Ralph: check the git log. Each iteration is one commit. Broken code? Look at the last commit.
$ git log --oneline
a3f9c21 feat: add password reset <- this one broke tests
8d2e1b4 feat: add login
f1c7a89 feat: add registration
$ git revert a3f9c21
$ # Back to working state
Benefit 3: Incremental Progress
Long sessions fail catastrophically. The agent gets 80% done, runs out of context, everything is broken, you get 0% value.
Ralph fails gracefully. 10 stories in the PRD, agent completes 7 before hitting issues. You got 7 working features.
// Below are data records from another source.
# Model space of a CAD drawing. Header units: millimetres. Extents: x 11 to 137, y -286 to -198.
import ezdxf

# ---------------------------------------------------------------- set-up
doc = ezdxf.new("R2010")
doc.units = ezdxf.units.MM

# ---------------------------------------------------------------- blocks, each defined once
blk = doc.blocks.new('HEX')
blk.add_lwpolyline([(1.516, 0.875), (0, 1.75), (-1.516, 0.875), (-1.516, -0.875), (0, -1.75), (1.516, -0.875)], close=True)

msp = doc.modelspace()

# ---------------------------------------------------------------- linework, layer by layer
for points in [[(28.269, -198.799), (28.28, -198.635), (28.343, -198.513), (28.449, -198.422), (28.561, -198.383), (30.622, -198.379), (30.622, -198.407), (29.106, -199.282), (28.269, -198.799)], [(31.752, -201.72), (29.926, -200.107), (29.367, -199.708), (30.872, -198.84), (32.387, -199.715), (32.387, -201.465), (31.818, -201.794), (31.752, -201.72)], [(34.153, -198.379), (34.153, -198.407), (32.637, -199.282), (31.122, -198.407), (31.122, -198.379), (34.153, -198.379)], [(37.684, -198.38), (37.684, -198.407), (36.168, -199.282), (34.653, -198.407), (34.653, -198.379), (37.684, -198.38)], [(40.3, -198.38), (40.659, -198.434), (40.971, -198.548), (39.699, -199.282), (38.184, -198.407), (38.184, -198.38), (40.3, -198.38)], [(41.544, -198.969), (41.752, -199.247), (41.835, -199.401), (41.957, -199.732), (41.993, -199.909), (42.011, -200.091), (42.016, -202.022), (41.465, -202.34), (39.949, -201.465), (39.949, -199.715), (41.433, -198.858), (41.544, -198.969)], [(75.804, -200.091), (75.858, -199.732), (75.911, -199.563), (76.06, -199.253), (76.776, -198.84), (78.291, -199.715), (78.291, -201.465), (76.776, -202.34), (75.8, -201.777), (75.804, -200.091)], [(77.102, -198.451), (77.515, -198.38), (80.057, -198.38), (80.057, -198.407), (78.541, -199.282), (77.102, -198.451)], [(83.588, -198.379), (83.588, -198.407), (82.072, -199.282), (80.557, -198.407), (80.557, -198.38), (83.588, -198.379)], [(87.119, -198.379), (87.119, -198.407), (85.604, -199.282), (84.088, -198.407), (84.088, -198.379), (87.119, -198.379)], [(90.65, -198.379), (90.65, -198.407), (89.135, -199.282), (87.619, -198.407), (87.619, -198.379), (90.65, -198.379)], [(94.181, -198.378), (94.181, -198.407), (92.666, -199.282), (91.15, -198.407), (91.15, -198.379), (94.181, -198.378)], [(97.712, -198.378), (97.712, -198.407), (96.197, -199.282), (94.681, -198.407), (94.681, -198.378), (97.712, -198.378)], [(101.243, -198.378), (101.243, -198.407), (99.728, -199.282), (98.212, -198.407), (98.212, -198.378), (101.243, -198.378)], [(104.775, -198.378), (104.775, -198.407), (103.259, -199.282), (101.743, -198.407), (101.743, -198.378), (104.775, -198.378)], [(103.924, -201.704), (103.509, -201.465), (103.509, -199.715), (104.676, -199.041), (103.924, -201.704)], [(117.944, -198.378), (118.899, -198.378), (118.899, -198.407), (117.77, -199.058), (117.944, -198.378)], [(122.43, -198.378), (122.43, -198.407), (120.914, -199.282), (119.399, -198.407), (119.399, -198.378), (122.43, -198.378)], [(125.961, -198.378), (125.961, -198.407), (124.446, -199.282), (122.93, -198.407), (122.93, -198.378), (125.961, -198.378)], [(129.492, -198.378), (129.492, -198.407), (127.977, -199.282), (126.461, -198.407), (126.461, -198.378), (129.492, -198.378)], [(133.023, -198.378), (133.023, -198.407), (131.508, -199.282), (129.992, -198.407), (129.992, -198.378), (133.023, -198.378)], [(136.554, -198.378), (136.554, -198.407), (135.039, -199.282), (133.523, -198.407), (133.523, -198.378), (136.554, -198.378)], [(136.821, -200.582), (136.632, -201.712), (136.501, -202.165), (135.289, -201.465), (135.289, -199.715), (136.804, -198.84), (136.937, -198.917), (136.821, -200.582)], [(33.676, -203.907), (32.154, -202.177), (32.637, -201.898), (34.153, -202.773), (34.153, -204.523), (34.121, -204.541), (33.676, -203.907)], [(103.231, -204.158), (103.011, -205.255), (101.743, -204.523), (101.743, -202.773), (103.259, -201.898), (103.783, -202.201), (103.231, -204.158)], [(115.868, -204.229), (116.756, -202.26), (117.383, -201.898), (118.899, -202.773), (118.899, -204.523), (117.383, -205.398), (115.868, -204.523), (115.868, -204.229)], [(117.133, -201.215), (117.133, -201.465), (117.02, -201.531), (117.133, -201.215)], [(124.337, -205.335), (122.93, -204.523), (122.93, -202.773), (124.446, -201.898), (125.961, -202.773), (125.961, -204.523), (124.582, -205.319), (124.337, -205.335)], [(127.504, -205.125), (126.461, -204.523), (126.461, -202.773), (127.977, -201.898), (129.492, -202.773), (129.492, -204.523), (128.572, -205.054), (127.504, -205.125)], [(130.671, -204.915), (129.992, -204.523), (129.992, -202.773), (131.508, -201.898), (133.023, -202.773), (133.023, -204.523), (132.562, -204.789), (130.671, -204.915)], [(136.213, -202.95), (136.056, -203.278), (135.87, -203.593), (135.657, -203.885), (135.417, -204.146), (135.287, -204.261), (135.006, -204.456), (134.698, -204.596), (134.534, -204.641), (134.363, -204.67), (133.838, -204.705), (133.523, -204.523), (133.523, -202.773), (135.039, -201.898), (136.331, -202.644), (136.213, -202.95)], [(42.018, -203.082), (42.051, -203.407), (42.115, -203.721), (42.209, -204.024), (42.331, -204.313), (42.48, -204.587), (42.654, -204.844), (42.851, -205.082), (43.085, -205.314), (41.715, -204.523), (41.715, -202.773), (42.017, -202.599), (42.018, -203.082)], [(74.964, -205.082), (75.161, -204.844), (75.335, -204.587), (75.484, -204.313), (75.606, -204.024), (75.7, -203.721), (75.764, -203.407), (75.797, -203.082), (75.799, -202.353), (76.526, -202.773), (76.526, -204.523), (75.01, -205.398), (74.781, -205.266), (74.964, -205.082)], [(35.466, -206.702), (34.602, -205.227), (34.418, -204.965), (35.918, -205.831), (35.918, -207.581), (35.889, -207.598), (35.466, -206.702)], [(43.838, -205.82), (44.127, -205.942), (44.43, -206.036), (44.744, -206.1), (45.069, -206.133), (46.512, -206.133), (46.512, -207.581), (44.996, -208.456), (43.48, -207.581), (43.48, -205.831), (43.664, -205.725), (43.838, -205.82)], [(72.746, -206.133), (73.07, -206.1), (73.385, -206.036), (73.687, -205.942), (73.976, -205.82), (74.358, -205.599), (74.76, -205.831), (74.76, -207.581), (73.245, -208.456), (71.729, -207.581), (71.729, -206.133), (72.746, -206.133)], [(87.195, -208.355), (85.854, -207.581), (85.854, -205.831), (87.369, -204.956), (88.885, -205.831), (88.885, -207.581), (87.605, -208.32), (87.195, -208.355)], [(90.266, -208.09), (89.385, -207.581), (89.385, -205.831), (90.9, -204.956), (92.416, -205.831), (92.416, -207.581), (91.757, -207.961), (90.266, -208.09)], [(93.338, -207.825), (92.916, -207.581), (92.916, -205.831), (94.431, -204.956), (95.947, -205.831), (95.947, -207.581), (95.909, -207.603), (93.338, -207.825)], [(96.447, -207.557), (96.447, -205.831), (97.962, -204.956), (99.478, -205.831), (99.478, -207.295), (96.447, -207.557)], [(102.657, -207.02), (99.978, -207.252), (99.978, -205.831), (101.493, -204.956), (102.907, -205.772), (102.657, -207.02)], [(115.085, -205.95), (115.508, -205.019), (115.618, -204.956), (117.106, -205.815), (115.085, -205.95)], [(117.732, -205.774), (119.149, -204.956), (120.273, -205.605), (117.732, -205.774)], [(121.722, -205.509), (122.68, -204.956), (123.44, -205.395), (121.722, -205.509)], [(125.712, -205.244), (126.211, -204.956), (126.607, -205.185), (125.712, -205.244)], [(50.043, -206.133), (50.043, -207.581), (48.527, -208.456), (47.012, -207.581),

That’s 70% value.
Benefit 4: Human Intervention Points
With a long session, you’re either:
- Watching it work (wasting your time)
- Walking away and praying (risky)
With Ralph, you can:
- Check progress every N iterations
- Intervene if it’s stuck
- Adjust the PRD if priorities change
- Kill it early if it’s going wrong
The loop gives you control points.
Benefit 5: Works Across Days
Long sessions have to finish in one sitting. Ralph can run overnight. Or run 5 iterations, stop, run 5 more tomorrow.
The state is in files. Time doesn’t matter.
Benefit 6: Prevents Context Pollution
Long sessions accumulate cruft:
- Failed attempts stay in context
- Wrong assumptions persist
- The agent “remembers” things that aren’t true
Ralph: each iteration is clean. No baggage. The agent works from current reality (git + files), not from its confused memory.
The Philosophical Bit
Ralph works because it embraces a truth about AI agents: they’re bad at remembering but good at following instructions.
What agents are bad at:
- Maintaining coherent beliefs across 100 messages
- Not contradicting themselves
- Remembering what they decided 50 messages ago
- Keeping context in mind as the window fills
What agents are good at:
- Reading files
- Following explicit step-by-step instructions
- Making one decision based on current state
- Writing structured output
Ralph’s design:
- Don’t ask the agent to remember (it’s bad at that)
- Ask the agent to read, decide, execute, document (it’s good at that)
- Put memory in files (computers are good at that)
- Make the loop dumb (bash is good at that)
The result: A system where each component does what it’s good at. The agent isn’t trying to be something it’s not (a reliable long-term memory system). It’s just a decision-making engine that reads state, takes action, writes state.
What You’ve Learned
The Ralph Wiggum Technique is:
- Fresh agent per iteration (amnesia as a feature)
- State in files (prd.json, progress.txt, git)
- One task per iteration (discipline enforced by prompt)
- Loop until complete (bash script, simple and dumb)
When to use Ralph:
- Building features with 5-50 user stories
- When you need reliability over cleverness
- When you want incremental progress you can inspect
- When you might need to pause/resume work
- When you want to avoid context window hell
When NOT to use Ralph:
- Single simple tasks (overkill)
- Exploratory work where requirements change constantly
- When you need the agent to make creative leaps (fresh context = no creative thread)
- When setup cost (PRD creation) exceeds implementation time
Sometimes the best AI architecture is one that assumes the AI is dumb and builds external scaffolding to keep it on track.
Ralph Wiggum makes terrible decisions but survives because of structure. Your AI agent is the same.